• _EXERCISE DESCRIPTION_
Where a line of the data below has the string "styles", copy that line.

• _INPUT_
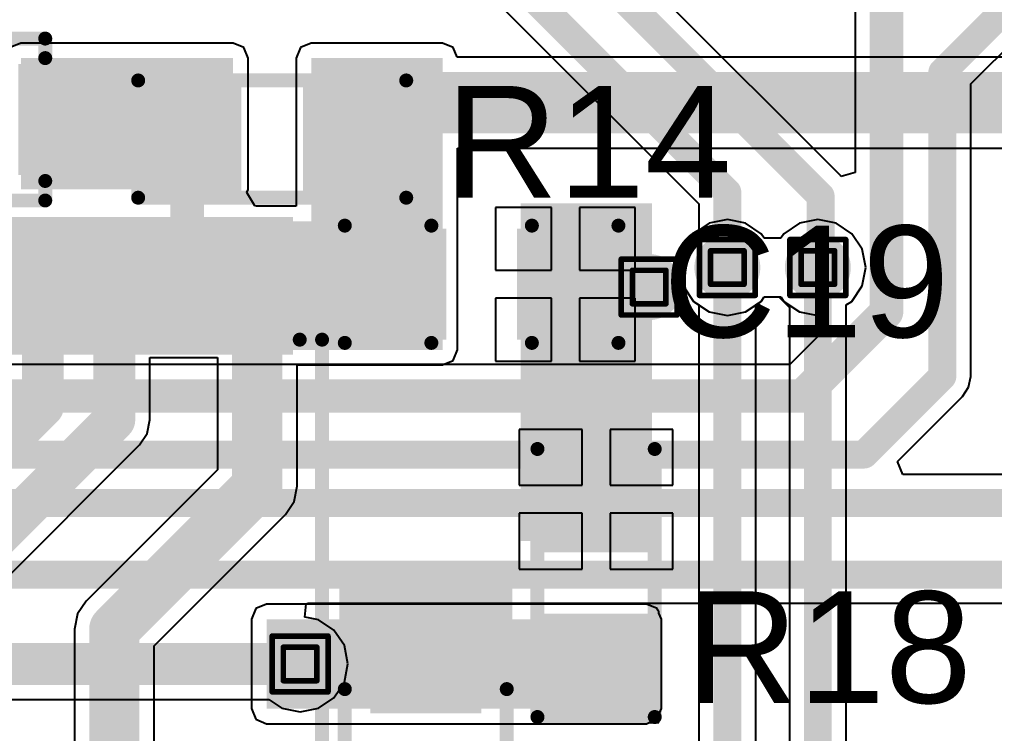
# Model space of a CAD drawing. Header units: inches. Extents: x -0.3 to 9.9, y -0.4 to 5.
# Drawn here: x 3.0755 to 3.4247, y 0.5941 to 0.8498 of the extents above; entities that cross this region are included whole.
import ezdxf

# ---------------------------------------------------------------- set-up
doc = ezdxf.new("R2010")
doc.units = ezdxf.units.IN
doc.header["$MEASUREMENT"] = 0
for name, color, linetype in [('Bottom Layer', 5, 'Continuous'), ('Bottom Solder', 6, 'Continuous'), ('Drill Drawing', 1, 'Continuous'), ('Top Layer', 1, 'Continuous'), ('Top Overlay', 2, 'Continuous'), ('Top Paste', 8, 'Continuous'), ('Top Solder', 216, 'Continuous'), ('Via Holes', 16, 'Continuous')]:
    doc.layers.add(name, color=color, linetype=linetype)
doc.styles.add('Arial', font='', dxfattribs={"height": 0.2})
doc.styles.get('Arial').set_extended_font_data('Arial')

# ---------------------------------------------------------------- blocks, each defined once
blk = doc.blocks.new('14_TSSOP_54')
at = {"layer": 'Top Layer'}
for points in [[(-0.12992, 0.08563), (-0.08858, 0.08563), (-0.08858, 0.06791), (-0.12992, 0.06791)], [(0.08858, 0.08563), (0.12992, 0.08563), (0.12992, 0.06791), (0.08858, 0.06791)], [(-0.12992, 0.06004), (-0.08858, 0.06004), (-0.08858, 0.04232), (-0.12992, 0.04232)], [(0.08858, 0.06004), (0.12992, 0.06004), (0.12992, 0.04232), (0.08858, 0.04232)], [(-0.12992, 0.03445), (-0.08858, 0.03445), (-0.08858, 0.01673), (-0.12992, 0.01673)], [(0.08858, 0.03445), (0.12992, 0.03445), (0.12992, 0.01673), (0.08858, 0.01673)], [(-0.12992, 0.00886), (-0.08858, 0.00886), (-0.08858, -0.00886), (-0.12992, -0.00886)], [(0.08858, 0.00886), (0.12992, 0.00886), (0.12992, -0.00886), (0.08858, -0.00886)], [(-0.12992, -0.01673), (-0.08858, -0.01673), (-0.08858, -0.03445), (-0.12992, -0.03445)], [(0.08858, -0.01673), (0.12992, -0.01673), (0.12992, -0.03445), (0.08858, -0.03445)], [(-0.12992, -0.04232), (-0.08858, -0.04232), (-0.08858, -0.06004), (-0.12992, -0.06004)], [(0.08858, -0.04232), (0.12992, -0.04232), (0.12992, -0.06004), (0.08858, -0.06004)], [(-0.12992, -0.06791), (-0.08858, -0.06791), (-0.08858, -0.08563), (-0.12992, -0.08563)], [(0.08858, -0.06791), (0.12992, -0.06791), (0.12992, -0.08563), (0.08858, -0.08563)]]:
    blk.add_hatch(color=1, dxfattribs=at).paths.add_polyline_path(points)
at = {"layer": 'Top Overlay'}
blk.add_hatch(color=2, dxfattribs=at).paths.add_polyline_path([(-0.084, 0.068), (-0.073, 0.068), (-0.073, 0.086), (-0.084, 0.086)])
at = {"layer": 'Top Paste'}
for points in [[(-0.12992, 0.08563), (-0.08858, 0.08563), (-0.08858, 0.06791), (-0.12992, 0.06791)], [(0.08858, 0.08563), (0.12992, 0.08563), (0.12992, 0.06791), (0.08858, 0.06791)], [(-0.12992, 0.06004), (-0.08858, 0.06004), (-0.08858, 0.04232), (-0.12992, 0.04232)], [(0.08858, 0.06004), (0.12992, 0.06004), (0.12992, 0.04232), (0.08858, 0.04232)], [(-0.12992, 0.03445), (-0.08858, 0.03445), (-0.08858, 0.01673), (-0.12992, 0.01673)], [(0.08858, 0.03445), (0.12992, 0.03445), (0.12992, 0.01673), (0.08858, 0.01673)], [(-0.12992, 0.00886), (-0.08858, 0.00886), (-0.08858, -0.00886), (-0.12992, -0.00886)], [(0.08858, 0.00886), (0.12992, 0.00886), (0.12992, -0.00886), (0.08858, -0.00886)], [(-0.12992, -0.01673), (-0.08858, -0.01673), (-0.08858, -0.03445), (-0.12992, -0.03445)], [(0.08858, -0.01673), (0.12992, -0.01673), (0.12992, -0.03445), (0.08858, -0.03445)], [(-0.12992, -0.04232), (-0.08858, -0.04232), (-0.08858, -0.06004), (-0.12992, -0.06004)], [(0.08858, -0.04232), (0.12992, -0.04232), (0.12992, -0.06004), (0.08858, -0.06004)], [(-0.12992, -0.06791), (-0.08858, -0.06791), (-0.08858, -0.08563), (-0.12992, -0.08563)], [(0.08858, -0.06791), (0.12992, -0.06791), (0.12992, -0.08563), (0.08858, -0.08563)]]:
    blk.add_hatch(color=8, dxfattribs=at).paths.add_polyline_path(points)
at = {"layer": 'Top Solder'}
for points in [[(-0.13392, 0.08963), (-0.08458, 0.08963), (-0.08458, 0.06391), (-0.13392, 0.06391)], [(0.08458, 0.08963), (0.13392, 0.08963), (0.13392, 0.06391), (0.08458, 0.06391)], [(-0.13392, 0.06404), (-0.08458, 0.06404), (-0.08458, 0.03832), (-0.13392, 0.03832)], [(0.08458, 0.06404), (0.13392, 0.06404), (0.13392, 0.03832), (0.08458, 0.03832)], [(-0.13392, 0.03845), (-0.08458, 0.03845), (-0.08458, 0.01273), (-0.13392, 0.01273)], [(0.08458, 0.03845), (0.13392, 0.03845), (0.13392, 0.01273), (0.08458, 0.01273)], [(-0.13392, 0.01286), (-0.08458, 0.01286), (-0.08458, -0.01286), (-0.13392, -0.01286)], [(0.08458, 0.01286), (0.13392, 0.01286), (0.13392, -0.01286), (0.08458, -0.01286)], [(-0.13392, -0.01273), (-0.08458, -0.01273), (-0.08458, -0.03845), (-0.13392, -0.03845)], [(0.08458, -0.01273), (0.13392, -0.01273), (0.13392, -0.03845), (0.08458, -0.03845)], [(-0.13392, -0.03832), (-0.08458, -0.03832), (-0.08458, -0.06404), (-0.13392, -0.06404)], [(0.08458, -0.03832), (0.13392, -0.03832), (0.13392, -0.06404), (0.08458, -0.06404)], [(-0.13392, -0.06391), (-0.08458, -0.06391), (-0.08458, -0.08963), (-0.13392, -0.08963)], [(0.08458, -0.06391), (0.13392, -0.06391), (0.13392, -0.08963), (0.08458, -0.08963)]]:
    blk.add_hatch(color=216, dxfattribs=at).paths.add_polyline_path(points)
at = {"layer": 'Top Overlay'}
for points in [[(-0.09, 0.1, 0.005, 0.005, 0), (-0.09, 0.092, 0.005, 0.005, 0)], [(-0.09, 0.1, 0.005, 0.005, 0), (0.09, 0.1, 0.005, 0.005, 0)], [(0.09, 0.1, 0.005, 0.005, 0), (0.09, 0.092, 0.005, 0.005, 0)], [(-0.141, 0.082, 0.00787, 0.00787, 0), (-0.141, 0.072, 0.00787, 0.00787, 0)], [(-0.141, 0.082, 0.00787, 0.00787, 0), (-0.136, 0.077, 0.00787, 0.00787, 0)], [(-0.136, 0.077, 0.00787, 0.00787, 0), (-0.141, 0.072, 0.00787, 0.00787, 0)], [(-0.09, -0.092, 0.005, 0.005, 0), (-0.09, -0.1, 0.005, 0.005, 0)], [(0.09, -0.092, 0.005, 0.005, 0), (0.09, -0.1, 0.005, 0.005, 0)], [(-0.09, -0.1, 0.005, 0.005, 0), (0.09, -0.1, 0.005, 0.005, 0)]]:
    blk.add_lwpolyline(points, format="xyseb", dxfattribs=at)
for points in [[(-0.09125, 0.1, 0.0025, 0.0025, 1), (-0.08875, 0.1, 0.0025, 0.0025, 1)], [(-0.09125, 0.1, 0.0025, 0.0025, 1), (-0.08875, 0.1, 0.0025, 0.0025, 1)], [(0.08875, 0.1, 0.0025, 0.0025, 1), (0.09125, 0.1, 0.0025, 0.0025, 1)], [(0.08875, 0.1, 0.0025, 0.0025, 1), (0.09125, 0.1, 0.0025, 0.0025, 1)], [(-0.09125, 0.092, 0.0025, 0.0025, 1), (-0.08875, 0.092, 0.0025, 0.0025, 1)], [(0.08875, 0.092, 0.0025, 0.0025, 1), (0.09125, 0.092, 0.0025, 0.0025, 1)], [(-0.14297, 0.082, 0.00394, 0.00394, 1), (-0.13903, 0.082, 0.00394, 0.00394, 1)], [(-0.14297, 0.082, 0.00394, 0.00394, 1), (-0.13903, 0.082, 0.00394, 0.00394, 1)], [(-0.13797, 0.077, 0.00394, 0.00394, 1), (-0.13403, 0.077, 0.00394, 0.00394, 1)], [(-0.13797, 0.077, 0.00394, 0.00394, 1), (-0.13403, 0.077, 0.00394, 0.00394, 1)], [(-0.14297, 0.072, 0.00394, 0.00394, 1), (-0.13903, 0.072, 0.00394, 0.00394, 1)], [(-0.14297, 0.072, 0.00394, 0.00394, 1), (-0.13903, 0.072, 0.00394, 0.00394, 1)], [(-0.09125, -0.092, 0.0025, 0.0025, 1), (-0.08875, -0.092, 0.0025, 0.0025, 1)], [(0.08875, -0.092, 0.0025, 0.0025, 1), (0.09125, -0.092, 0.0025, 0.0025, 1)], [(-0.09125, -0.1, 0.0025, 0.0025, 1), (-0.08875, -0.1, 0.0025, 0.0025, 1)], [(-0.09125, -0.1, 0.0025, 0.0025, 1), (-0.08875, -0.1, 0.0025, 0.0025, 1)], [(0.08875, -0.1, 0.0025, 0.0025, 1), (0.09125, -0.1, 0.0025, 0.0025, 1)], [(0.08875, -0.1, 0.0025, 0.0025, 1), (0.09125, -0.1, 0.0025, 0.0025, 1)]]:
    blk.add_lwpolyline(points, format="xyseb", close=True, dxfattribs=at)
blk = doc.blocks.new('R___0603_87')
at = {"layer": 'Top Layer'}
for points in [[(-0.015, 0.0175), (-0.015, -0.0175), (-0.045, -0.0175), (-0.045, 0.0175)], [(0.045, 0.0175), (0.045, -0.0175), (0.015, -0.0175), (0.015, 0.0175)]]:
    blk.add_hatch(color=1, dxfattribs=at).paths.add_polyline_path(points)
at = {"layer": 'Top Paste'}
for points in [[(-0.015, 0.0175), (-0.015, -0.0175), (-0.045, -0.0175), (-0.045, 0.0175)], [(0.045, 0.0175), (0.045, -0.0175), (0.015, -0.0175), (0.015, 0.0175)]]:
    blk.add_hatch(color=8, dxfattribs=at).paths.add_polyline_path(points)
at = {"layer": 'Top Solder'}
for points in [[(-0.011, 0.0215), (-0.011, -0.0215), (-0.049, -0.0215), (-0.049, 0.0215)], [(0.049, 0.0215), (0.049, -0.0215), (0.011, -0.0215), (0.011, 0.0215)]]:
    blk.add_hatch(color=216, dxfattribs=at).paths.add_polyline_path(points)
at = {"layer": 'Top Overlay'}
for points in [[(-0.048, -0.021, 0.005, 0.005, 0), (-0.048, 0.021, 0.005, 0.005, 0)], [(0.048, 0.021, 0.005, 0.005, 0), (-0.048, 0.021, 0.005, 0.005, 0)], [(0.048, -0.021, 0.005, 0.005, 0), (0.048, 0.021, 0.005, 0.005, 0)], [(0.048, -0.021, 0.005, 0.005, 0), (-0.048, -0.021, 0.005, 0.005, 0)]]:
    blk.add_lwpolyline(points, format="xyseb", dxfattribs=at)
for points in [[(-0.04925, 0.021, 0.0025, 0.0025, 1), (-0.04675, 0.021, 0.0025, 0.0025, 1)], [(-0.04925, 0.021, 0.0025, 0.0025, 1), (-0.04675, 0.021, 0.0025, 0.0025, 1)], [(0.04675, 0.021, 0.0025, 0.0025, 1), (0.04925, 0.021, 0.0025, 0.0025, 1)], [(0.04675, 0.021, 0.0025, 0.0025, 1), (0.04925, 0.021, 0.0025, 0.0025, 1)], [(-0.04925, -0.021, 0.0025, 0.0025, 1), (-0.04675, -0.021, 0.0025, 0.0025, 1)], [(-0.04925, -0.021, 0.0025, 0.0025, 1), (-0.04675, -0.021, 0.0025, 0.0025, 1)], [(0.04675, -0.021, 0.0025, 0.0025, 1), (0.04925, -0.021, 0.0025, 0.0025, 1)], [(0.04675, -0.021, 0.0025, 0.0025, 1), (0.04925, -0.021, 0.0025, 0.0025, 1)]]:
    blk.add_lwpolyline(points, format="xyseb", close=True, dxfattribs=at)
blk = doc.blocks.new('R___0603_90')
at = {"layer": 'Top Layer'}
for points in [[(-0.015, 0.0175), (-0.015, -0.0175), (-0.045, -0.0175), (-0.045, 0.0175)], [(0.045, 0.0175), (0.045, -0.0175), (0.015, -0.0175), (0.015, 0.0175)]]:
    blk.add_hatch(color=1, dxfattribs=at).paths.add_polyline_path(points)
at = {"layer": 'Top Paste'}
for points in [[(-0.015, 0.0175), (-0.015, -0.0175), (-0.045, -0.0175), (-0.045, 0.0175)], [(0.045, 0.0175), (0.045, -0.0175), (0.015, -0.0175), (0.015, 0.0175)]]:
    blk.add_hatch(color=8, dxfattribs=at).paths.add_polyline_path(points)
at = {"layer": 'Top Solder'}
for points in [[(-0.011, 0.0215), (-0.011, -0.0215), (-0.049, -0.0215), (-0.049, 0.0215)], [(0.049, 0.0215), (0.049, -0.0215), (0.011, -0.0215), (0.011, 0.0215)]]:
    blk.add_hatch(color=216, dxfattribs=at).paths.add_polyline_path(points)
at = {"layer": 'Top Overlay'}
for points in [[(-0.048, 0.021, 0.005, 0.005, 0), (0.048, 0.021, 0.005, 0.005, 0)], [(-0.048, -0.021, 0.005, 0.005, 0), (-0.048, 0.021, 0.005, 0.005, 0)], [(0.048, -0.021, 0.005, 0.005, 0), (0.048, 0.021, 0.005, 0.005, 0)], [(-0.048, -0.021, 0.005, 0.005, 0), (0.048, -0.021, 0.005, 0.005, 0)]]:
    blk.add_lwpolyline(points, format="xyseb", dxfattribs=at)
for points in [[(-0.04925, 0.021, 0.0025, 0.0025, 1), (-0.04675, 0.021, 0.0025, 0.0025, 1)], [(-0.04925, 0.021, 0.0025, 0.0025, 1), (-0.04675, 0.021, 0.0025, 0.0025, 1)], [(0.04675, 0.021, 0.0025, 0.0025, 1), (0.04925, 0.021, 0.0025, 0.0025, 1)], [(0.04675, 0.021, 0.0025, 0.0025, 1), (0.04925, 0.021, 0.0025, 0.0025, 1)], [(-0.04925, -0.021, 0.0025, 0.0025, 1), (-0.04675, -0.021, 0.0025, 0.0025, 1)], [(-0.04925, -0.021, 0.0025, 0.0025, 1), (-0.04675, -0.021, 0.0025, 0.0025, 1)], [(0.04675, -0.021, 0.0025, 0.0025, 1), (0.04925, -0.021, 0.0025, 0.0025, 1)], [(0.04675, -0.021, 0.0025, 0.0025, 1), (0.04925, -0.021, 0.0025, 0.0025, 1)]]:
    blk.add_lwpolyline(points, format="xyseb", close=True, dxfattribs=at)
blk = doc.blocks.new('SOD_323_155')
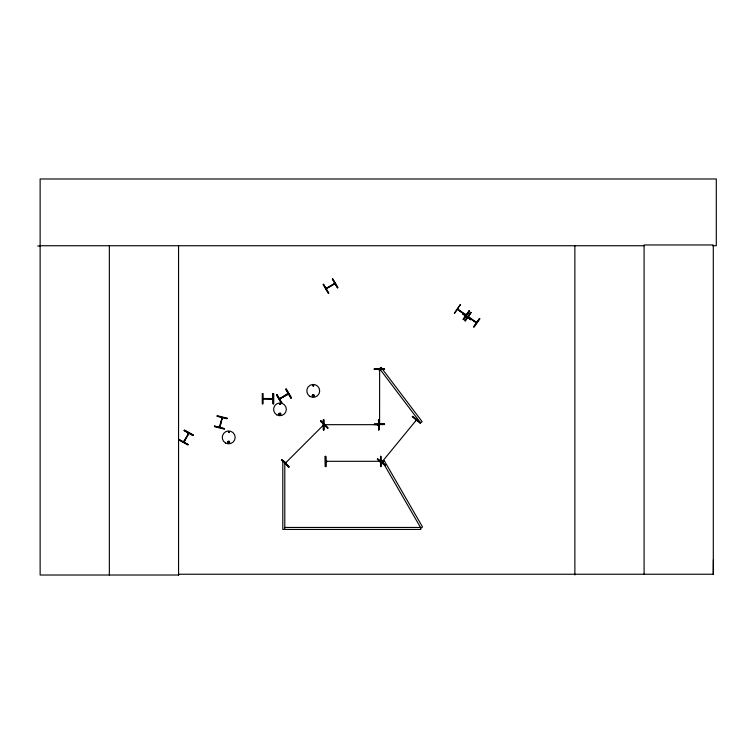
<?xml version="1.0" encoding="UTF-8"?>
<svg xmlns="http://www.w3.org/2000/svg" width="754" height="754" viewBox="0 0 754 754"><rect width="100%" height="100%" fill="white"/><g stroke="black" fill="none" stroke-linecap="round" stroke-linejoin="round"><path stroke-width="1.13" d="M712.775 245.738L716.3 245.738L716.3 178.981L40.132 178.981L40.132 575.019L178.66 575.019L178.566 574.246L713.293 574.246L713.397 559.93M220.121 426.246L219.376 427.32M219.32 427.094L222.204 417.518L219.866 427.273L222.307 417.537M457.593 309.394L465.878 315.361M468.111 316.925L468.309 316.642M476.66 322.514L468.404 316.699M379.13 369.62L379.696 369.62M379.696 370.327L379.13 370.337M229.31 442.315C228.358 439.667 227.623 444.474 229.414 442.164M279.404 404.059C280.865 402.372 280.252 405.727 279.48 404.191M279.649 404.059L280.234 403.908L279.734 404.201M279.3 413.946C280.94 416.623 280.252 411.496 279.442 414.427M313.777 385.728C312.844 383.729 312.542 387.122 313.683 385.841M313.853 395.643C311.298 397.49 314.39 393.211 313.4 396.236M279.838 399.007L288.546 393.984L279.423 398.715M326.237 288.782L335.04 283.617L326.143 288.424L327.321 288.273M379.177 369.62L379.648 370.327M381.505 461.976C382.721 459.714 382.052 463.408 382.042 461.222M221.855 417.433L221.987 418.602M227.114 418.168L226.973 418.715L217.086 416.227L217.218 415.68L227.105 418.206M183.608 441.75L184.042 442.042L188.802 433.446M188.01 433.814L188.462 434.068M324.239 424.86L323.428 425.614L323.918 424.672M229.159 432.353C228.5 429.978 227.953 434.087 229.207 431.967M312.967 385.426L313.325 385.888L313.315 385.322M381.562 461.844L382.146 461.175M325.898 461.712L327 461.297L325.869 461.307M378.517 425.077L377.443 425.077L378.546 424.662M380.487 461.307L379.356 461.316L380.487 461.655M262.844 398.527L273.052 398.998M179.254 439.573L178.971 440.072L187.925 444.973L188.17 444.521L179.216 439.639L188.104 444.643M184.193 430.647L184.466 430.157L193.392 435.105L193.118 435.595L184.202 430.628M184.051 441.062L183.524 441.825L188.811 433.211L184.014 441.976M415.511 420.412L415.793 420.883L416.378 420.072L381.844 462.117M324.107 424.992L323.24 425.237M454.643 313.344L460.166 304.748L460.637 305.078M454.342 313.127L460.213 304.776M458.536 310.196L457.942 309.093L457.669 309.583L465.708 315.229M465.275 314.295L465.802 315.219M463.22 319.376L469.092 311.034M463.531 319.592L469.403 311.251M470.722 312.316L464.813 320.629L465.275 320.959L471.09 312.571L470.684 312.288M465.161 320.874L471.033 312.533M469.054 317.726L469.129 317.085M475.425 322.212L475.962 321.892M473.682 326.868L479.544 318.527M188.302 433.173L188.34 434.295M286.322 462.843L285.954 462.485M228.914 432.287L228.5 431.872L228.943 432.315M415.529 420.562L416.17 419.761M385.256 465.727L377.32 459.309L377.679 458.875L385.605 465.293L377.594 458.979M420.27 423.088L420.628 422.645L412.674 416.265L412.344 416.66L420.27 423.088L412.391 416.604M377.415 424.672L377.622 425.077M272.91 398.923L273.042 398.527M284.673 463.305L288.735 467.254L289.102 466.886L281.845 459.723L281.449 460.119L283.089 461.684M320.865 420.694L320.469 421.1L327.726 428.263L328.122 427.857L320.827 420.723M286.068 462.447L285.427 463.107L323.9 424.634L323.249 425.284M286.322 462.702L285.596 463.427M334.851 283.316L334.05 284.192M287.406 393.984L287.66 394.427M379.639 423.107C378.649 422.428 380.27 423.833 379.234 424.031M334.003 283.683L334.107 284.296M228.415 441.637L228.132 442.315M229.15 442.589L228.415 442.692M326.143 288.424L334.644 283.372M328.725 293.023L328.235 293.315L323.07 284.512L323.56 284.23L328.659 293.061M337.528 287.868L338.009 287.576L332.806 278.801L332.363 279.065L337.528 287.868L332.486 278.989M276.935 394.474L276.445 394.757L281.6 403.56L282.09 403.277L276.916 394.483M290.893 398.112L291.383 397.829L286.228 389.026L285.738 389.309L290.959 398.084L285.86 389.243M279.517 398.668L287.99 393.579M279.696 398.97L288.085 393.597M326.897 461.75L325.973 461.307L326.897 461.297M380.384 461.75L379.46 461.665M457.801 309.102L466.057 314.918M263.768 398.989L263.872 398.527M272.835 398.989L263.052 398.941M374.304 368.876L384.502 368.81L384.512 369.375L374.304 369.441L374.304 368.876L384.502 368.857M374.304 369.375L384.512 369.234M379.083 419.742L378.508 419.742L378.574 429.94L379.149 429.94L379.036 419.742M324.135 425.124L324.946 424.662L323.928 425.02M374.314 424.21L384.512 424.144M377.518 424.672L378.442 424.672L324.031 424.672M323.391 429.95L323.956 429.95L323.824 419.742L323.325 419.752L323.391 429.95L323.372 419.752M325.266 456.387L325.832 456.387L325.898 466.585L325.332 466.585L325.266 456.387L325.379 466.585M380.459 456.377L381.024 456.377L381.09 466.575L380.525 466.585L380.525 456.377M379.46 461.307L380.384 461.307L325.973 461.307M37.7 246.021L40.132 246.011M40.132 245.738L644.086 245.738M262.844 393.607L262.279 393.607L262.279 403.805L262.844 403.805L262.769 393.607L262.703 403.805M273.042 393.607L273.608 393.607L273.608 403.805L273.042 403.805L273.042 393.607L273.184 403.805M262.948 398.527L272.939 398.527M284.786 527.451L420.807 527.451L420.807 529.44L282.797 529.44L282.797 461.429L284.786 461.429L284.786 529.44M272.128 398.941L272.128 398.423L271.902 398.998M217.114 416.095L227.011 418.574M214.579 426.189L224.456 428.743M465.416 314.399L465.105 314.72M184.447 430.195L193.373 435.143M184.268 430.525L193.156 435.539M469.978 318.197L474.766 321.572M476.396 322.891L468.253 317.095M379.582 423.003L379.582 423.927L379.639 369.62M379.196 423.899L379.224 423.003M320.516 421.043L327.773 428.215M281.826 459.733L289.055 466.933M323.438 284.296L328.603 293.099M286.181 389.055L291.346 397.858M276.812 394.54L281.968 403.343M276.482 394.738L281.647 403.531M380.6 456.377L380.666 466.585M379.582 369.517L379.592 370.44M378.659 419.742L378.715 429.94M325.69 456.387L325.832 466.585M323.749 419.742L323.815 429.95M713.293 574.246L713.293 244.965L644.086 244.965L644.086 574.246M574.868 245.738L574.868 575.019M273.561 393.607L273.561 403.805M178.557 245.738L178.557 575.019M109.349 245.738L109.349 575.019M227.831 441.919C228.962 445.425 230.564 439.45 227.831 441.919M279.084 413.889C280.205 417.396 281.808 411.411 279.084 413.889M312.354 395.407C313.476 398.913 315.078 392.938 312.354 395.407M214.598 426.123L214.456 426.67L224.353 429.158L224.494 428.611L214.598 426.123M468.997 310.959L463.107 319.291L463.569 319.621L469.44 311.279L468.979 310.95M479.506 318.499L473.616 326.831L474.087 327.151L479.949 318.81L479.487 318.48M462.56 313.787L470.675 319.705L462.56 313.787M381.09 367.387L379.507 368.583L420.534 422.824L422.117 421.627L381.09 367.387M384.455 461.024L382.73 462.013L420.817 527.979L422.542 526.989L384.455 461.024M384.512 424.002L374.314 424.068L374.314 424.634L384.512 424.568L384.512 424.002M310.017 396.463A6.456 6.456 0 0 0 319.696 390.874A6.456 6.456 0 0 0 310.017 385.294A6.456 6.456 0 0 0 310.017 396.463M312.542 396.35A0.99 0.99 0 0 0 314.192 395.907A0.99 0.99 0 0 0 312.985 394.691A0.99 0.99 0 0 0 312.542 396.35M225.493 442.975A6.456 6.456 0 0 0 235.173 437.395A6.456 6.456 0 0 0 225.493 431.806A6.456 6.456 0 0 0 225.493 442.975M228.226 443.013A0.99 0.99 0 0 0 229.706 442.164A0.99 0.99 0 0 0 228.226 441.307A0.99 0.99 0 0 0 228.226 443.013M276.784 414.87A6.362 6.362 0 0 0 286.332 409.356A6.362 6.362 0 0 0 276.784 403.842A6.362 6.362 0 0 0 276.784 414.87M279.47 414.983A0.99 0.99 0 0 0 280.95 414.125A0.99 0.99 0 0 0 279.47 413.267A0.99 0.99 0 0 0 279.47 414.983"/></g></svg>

• _WRITTEN ANSWER_
doc.styles.add('Arial', font='', dxfattribs={"height": 0.2})
doc.styles.get('Arial').set_extended_font_data('Arial')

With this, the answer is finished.